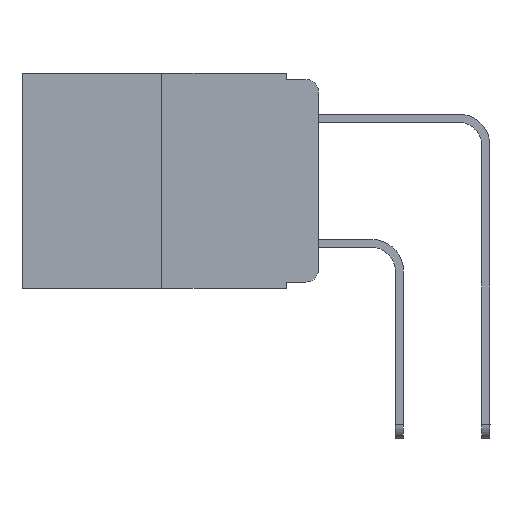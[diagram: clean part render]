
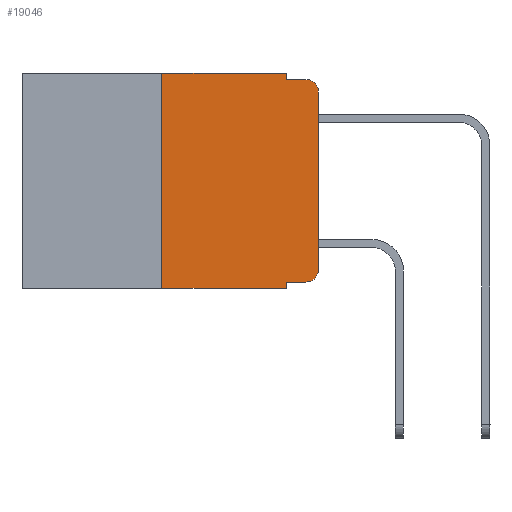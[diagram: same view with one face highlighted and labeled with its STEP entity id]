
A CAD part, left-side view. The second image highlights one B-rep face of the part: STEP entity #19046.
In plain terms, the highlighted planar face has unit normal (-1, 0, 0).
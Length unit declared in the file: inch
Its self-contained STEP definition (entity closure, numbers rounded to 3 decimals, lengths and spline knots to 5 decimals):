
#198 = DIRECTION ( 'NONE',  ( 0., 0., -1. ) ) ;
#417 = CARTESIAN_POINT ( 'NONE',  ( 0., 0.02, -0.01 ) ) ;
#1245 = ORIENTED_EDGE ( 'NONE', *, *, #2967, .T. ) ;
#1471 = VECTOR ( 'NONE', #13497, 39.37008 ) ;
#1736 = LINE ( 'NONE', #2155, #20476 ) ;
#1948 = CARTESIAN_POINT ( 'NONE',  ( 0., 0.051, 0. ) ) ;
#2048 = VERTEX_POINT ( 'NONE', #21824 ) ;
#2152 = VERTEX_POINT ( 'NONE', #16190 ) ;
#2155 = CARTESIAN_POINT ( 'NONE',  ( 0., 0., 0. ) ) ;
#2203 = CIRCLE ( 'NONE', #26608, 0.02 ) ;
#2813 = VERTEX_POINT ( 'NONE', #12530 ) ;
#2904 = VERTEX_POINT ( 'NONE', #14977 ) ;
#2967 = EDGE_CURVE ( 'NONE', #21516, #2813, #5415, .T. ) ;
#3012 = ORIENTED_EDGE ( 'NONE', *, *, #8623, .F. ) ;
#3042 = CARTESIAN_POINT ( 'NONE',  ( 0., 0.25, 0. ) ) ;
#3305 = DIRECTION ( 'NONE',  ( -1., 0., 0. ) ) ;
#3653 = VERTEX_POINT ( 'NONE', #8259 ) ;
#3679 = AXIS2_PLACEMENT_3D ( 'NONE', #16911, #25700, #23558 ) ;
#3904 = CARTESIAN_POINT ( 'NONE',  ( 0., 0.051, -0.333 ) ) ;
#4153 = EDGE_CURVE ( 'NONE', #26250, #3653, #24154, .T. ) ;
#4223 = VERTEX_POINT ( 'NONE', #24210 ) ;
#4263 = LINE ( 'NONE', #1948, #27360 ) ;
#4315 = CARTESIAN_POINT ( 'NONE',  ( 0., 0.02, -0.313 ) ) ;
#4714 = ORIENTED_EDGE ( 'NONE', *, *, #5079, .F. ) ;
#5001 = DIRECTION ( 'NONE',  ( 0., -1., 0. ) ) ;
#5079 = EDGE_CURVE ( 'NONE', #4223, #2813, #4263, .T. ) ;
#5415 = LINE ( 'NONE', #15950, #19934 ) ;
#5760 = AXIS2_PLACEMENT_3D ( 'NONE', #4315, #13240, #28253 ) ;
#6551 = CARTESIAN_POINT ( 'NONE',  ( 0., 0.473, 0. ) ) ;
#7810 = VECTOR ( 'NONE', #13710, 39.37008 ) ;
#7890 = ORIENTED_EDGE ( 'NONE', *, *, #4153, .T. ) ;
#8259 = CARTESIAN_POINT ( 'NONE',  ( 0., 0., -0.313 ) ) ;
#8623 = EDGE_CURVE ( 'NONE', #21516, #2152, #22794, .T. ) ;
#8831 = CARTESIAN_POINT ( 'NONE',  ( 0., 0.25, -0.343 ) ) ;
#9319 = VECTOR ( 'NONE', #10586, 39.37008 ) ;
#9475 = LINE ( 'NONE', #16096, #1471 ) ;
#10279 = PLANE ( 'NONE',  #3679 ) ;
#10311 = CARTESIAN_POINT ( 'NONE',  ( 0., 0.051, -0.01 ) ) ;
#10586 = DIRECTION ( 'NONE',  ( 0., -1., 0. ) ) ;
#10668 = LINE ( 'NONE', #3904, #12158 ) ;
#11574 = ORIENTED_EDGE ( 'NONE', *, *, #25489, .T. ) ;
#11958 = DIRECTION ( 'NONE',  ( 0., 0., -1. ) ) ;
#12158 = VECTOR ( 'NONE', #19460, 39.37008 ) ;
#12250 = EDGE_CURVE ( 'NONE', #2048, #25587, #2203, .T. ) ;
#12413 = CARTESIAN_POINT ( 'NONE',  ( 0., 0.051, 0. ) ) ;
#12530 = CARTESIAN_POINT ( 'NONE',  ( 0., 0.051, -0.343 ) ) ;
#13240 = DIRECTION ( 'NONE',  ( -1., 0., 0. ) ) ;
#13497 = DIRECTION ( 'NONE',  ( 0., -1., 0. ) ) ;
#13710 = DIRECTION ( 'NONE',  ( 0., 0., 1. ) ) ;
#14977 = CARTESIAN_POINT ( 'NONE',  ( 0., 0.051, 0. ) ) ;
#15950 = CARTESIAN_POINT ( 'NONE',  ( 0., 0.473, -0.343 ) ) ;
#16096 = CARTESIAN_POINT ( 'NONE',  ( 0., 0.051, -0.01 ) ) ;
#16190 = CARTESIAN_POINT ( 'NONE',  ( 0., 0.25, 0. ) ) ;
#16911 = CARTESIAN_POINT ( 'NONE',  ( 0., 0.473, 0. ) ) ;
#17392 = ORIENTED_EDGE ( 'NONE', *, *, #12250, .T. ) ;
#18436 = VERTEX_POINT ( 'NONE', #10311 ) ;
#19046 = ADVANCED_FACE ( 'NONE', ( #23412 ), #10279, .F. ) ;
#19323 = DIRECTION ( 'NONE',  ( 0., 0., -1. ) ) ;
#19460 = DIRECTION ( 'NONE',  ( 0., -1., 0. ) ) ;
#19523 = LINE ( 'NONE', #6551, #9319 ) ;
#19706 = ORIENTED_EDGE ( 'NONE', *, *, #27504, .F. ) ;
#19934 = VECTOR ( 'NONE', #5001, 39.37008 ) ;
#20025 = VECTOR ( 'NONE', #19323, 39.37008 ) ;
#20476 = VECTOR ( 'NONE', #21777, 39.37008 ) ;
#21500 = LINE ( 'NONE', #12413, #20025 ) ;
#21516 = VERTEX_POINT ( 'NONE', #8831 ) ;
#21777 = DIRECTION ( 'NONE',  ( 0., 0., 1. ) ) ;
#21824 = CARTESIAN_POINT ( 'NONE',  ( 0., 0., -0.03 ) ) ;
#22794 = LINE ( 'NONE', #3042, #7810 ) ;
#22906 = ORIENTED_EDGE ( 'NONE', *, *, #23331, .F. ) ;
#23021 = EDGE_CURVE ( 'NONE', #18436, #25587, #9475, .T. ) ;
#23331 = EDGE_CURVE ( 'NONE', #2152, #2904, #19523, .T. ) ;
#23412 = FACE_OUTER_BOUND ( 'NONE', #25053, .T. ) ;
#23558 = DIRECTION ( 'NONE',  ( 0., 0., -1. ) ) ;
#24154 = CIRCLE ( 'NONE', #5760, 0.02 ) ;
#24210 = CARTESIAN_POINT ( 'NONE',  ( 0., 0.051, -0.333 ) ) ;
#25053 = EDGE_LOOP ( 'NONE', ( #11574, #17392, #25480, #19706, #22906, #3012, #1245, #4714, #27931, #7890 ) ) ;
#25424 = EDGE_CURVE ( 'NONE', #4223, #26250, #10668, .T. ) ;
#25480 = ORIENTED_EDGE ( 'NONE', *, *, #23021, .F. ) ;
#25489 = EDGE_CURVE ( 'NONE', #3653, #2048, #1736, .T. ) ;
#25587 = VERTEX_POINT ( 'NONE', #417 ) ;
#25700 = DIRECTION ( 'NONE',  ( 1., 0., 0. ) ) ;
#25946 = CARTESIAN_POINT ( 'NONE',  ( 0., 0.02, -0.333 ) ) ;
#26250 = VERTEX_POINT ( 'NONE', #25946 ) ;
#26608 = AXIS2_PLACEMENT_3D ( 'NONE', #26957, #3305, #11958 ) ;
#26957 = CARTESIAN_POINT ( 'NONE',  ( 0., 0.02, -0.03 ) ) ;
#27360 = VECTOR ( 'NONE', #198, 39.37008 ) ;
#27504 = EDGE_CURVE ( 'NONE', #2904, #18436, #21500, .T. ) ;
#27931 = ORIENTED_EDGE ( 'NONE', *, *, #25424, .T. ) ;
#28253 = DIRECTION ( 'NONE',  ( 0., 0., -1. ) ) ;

______

REQUIRED WORK –
Starting at the top of the listing above, please restate word for word each line up to and including the one that holds "#1736 = LINE ( 'NONE', #2155, #20476 ) ;", omitting every image.

ANSWER TO THIS EXERCISE –
[diagram: clean part render]
[diagram: same view with one face highlighted and labeled with its STEP entity id]
A CAD part, left-side view. The second image highlights one B-rep face of the part: STEP entity #19046.
In plain terms, the highlighted planar face has unit normal (-1, 0, 0).
Length unit declared in the file: inch
Its self-contained STEP definition (entity closure, numbers rounded to 3 decimals, lengths and spline knots to 5 decimals):
#198 = DIRECTION ( 'NONE',  ( 0., 0., -1. ) ) ;
#417 = CARTESIAN_POINT ( 'NONE',  ( 0., 0.02, -0.01 ) ) ;
#1245 = ORIENTED_EDGE ( 'NONE', *, *, #2967, .T. ) ;
#1471 = VECTOR ( 'NONE', #13497, 39.37008 ) ;
#1736 = LINE ( 'NONE', #2155, #20476 ) ;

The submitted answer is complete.